Palavras-chave: Crimes contra a ordem tributária. Exercício da ação penal. Necessidade de exaurimento da fase administrativa. Evolução do tema.
Sumário: 1. Introdução. 1.1. Referencial teórico. 1.2. Metodologia. 2. A classificação dos crimes quanto ao resultado e a natureza jurídica específica dos tipos estabelecidos no art. 1º da Lei Federal nº 8.137/90 – dos crimes contra a ordem tributária. 2.1. Das diferentes espécies de tipos penais quanto à necessidade ou não de resultado naturalístico para a sua consumação. 2.2. O art. 1º da Lei 8.137/90 – uma visão geral deste dispositivo segundo a classificação dos delitos quanto ao resultado. 3. Da caracterização do procedimento administrativo fiscal prévio como justa causa e não como condição de procedibilidade ou causa extintiva da punibilidade. 3.1. Do conceito da justa causa. 3.2. Do prévio esgotamento da via administrativa fiscal como a própria justa causa (materialidade do crime) para a persecução penal dos delitos contra a ordem tributária. 4. Da necessidade do prévio exaurimento do procedimento administrativo fiscal como condição para a persecução penal pelos crimes material destacados na Lei nº 8.137/90 – uma visão do tema à luz de algumas recentes decisões dos tribunais superiores. 4.1. Uma breve evolução teórica do tema. 4.2. O surgimento do artigo 83 da Lei Federal nº 9.430/96 e o questionamento acerca da mitigação da independência das instâncias administrativa e penal – da consolidação da jurisprudência dos tribunais superiores no sentido da exigência da constituição definitiva do crédito tributário para o início da ação penal. 4.3. Da exigência da finalização do processo administrativo tributário para a consumação dos crimes materiais contra a ordem tributária e a sua mitigação por alguns julgados dos tribunais superiores. 5. Considerações finais. Referências bibliográficas.
1.INTRODUÇÃO
O presente trabalho tem por finalidade estabelecer uma análise doutrinária e jurisprudencial sobre a necessidade do prévio exaurimento da via administrativa fiscal para a persecução penal dos principais tipos detalhados na lei federal nº 8.137/90 – dos crimes materiais contra a ordem tributária.
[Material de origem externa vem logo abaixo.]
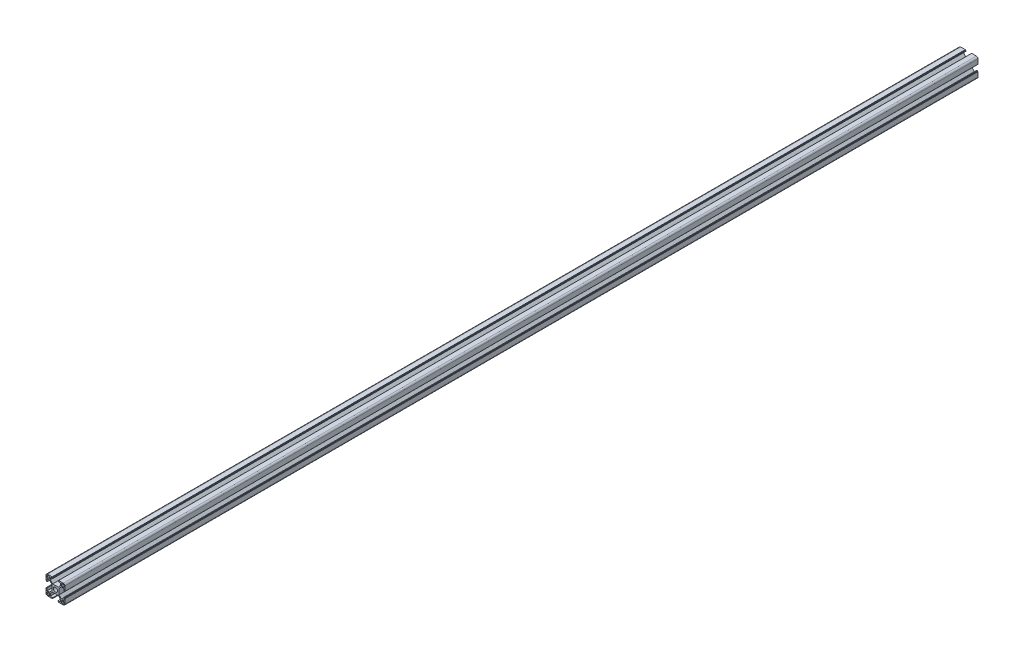
SolidWorks part; units mm, degrees
material "6061-T6 (SS)"
ref_plane "前视基准面" through (0, 0, 0) normal (0, 0, 1) x (1, 0, 0)
ref_plane "上视基准面" through (0, 0, 0) normal (0, 1, 0) x (1, 0, 0)
ref_plane "右视基准面" through (0, 0, 0) normal (1, 0, 0) x (0, 0, -1)
sketch "Sketch1" plane through (0, 0, 0) normal (0, 0, 1) x (1, 0, 0)
  line L0 (-5.1, 15) -> (-5.1, 14.2)
  line L1 (-12.5, -15) -> (12.5, -15)
  line L2 (-15, -12.5) -> (-15, 12.5)
  line L3 (-12.5, 15) -> (12.5, 15)
  line L4 (15, -12.5) -> (15, 12.5)
  line L5 (-15, -15) -> (15, 15) construction
  line L6 (-15, 15) -> (15, -15) construction
  line L7 (-5.1, 14.2) -> (-4.1, 14.2)
  line L8 (-4.1, 14.2) -> (-4.1, 13.2)
  line L9 (-4.1, 13.2) -> (-8.25, 13.2)
  line L10 (-8.25, 13.2) -> (-8.25, 9.5228)
  line L11 (-8.25, 9.5228) -> (-4.4272, 5.7)
  line L12 (-4.4272, 5.7) -> (4.4272, 5.7)
  line L13 (-5.1, 15) -> (5.1, 15)
  line L14 (0, 15) -> (0, 5.7) construction
  line L15 (8.25, 9.5228) -> (4.4272, 5.7)
  line L16 (8.25, 13.2) -> (8.25, 9.5228)
  line L17 (4.1, 13.2) -> (8.25, 13.2)
  line L18 (4.1, 14.2) -> (4.1, 13.2)
  line L19 (5.1, 14.2) -> (4.1, 14.2)
  line L20 (5.1, 15) -> (5.1, 14.2)
  line L21 (15, 5.1) -> (14.2, 5.1)
  line L22 (14.2, 5.1) -> (14.2, 4.1)
  line L23 (14.2, 4.1) -> (13.2, 4.1)
  line L24 (13.2, 4.1) -> (13.2, 8.25)
  line L25 (13.2, 8.25) -> (9.5228, 8.25)
  line L26 (9.5228, 8.25) -> (5.7, 4.4272)
  line L27 (5.7, 4.4272) -> (5.7, -4.4272)
  line L28 (15, 5.1) -> (15, -5.1)
  line L29 (9.5228, -8.25) -> (5.7, -4.4272)
  line L30 (13.2, -8.25) -> (9.5228, -8.25)
  line L31 (13.2, -4.1) -> (13.2, -8.25)
  line L32 (14.2, -4.1) -> (13.2, -4.1)
  line L33 (14.2, -5.1) -> (14.2, -4.1)
  line L34 (15, -5.1) -> (14.2, -5.1)
  line L35 (15, 0) -> (5.7, 0) construction
  line L36 (5.1, -15) -> (5.1, -14.2)
  line L37 (5.1, -14.2) -> (4.1, -14.2)
  line L38 (4.1, -14.2) -> (4.1, -13.2)
  line L39 (4.1, -13.2) -> (8.25, -13.2)
  line L40 (8.25, -13.2) -> (8.25, -9.5228)
  line L41 (8.25, -9.5228) -> (4.4272, -5.7)
  line L42 (4.4272, -5.7) -> (-4.4272, -5.7)
  line L43 (5.1, -15) -> (-5.1, -15)
  line L44 (-8.25, -9.5228) -> (-4.4272, -5.7)
  line L45 (-8.25, -13.2) -> (-8.25, -9.5228)
  line L46 (-4.1, -13.2) -> (-8.25, -13.2)
  line L47 (-4.1, -14.2) -> (-4.1, -13.2)
  line L48 (-5.1, -14.2) -> (-4.1, -14.2)
  line L49 (-5.1, -15) -> (-5.1, -14.2)
  line L50 (0, -15) -> (0, -5.7) construction
  line L51 (-15, -5.1) -> (-14.2, -5.1)
  line L52 (-14.2, -5.1) -> (-14.2, -4.1)
  line L53 (-14.2, -4.1) -> (-13.2, -4.1)
  line L54 (-13.2, -4.1) -> (-13.2, -8.25)
  line L55 (-13.2, -8.25) -> (-9.5228, -8.25)
  line L56 (-9.5228, -8.25) -> (-5.7, -4.4272)
  line L57 (-5.7, -4.4272) -> (-5.7, 4.4272)
  line L58 (-15, -5.1) -> (-15, 5.1)
  line L59 (-9.5228, 8.25) -> (-5.7, 4.4272)
  line L60 (-13.2, 8.25) -> (-9.5228, 8.25)
  line L61 (-13.2, 4.1) -> (-13.2, 8.25)
  line L62 (-14.2, 4.1) -> (-13.2, 4.1)
  line L63 (-14.2, 5.1) -> (-14.2, 4.1)
  line L64 (-15, 5.1) -> (-14.2, 5.1)
  line L65 (-15, 0) -> (-5.7, 0) construction
  line L66 (0, 0) -> (0, 5.7) construction
  circle A0 centre (0, 0) radius 3.4
  arc A1 (-12.5, -15) -> (-15, -12.5) centre (-12.5, -12.5) cw
  arc A2 (12.5, -15) -> (15, -12.5) centre (12.5, -12.5) ccw
  arc A3 (12.5, 15) -> (15, 12.5) centre (12.5, 12.5) cw
  arc A4 (-15, 12.5) -> (-12.5, 15) centre (-12.5, 12.5) cw
  point P0 (0, 0)
  dimension "D3" = 6.8
  dimension "D12" = 2.5
  dimension "D1" = 30
  dimension "D2" = 30
  dimension "D4" = 16.5
  dimension "D5" = 8.2
  dimension "D6" = 10.2
  dimension "D7" = 7.5
  dimension "D9" = 1.8
  dimension "D10" = 1.8
  dimension "D11" = 0.8
  dimension "D8" = 4
extrude "Extrude1" add sketch "Sketch1" along normal blind 1450 contours A4 L2 L64 L63 L62 L61 L60 L59 L57 L56 L55 L54 L53 L52 L51 A1 L1 L49 L48 L47 L46 L45 L44 L42 L41 L40 L39 L38 L37 L36 A2 L4 L34 L33 L32 L31 L30 L29 L27 L26 L25 L24 L23 L22 L21 A3 L3 L20
sketch "Sketch2" plane through (0, 0, 1450) normal (0, 0, 1) x (1, 0, 0)
  line L0 (13.7, 12.7) -> (13.7, 10.55)
  line L1 (-12.7, 13.7) -> (-10.55, 13.7)
  line L2 (-13.7, 12.7) -> (-13.7, 10.55)
  line L3 (-12.7, 9.55) -> (-10.55, 9.55)
  line L4 (-9.55, 12.7) -> (-9.55, 10.55)
  line L5 (-13.7, 13.7) -> (-9.55, 9.55) construction
  line L6 (-13.7, 9.55) -> (-9.55, 13.7) construction
  line L7 (12.7, 13.7) -> (10.55, 13.7)
  line L8 (9.55, 12.7) -> (9.55, 10.55)
  line L9 (12.7, 9.55) -> (10.55, 9.55)
  line L10 (12.7, -13.7) -> (10.55, -13.7)
  line L11 (13.7, -12.7) -> (13.7, -10.55)
  line L12 (12.7, -9.55) -> (10.55, -9.55)
  line L13 (9.55, -12.7) -> (9.55, -10.55)
  line L14 (-13.7, -12.7) -> (-13.7, -10.55)
  line L15 (-12.7, -13.7) -> (-10.55, -13.7)
  line L16 (-9.55, -12.7) -> (-9.55, -10.55)
  line L17 (-12.7, -9.55) -> (-10.55, -9.55)
  line L18 (0, 0) -> (-9.55, 9.55) construction
  line L19 (-12.5, 15) -> (-5.1, 15) construction
  line L20 (-15, 5.1) -> (-15, 12.5) construction
  line L21 (-13.2, 8.25) -> (-9.5228, 8.25) construction
  line L22 (-8.25, 13.2) -> (-8.25, 9.5228) construction
  arc A0 (-13.7, -12.7) -> (-12.7, -13.7) centre (-12.7, -12.7) ccw
  arc A1 (-10.55, -13.7) -> (-9.55, -12.7) centre (-10.55, -12.7) ccw
  arc A2 (-9.55, -10.55) -> (-10.55, -9.55) centre (-10.55, -10.55) ccw
  arc A3 (-13.7, -10.55) -> (-12.7, -9.55) centre (-12.7, -10.55) cw
  arc A4 (13.7, -10.55) -> (12.7, -9.55) centre (12.7, -10.55) ccw
  arc A5 (12.7, -13.7) -> (13.7, -12.7) centre (12.7, -12.7) ccw
  arc A6 (10.55, -13.7) -> (9.55, -12.7) centre (10.55, -12.7) cw
  arc A7 (10.55, -9.55) -> (9.55, -10.55) centre (10.55, -10.55) ccw
  arc A8 (13.7, 12.7) -> (12.7, 13.7) centre (12.7, 12.7) ccw
  arc A9 (13.7, 10.55) -> (12.7, 9.55) centre (12.7, 10.55) cw
  arc A10 (9.55, 10.55) -> (10.55, 9.55) centre (10.55, 10.55) ccw
  arc A11 (10.55, 13.7) -> (9.55, 12.7) centre (10.55, 12.7) ccw
  arc A12 (-10.55, 13.7) -> (-9.55, 12.7) centre (-10.55, 12.7) cw
  arc A13 (-10.55, 9.55) -> (-9.55, 10.55) centre (-10.55, 10.55) ccw
  arc A14 (-13.7, 10.55) -> (-12.7, 9.55) centre (-12.7, 10.55) ccw
  arc A15 (-12.7, 13.7) -> (-13.7, 12.7) centre (-12.7, 12.7) ccw
  point P0 (-11.625, 11.625)
  dimension "D2" = 1
  dimension "D3" = 1.3
  dimension "D4" = 1.3
  dimension "D5" = 1.3
  dimension "D6" = 1.3
  dimension "D1" = 4
extrude "Extrude2" cut sketch "Sketch2" against normal through all

Antes de ser abordada a discussão principal, alguns conceitos de direito penal necessários ao bom entendimento do tema serão tratados, como, por exemplo: a conceituação das infrações penais quanto ao resultado, a classificação específica do art. 1º da lei federal nº 8.137/90 como um crime material e o entendimento que se tem da condição da ação justa causa.
Posteriormente, o tema do esgotamento da via administrativa será tratado, onde se estabelecerá uma breve observação do posicionamento inicialmente adotado pela doutrina no sentido da desnecessidade do prévio processo de lançamento tributário para o início da ação penal pública prevista no art. 15 da legislação acima citada.
Exemplificativamente, podemos enfatizar o que Andreas Eisele (1998, p. 192 e 193) já, há algum tempo, pontuou:
(...) o exercício da ação penal não depende da ocorrência de qualquer situação fática, que não a existência de indícios suficientes de materialidade e autoria do crime (justa causa).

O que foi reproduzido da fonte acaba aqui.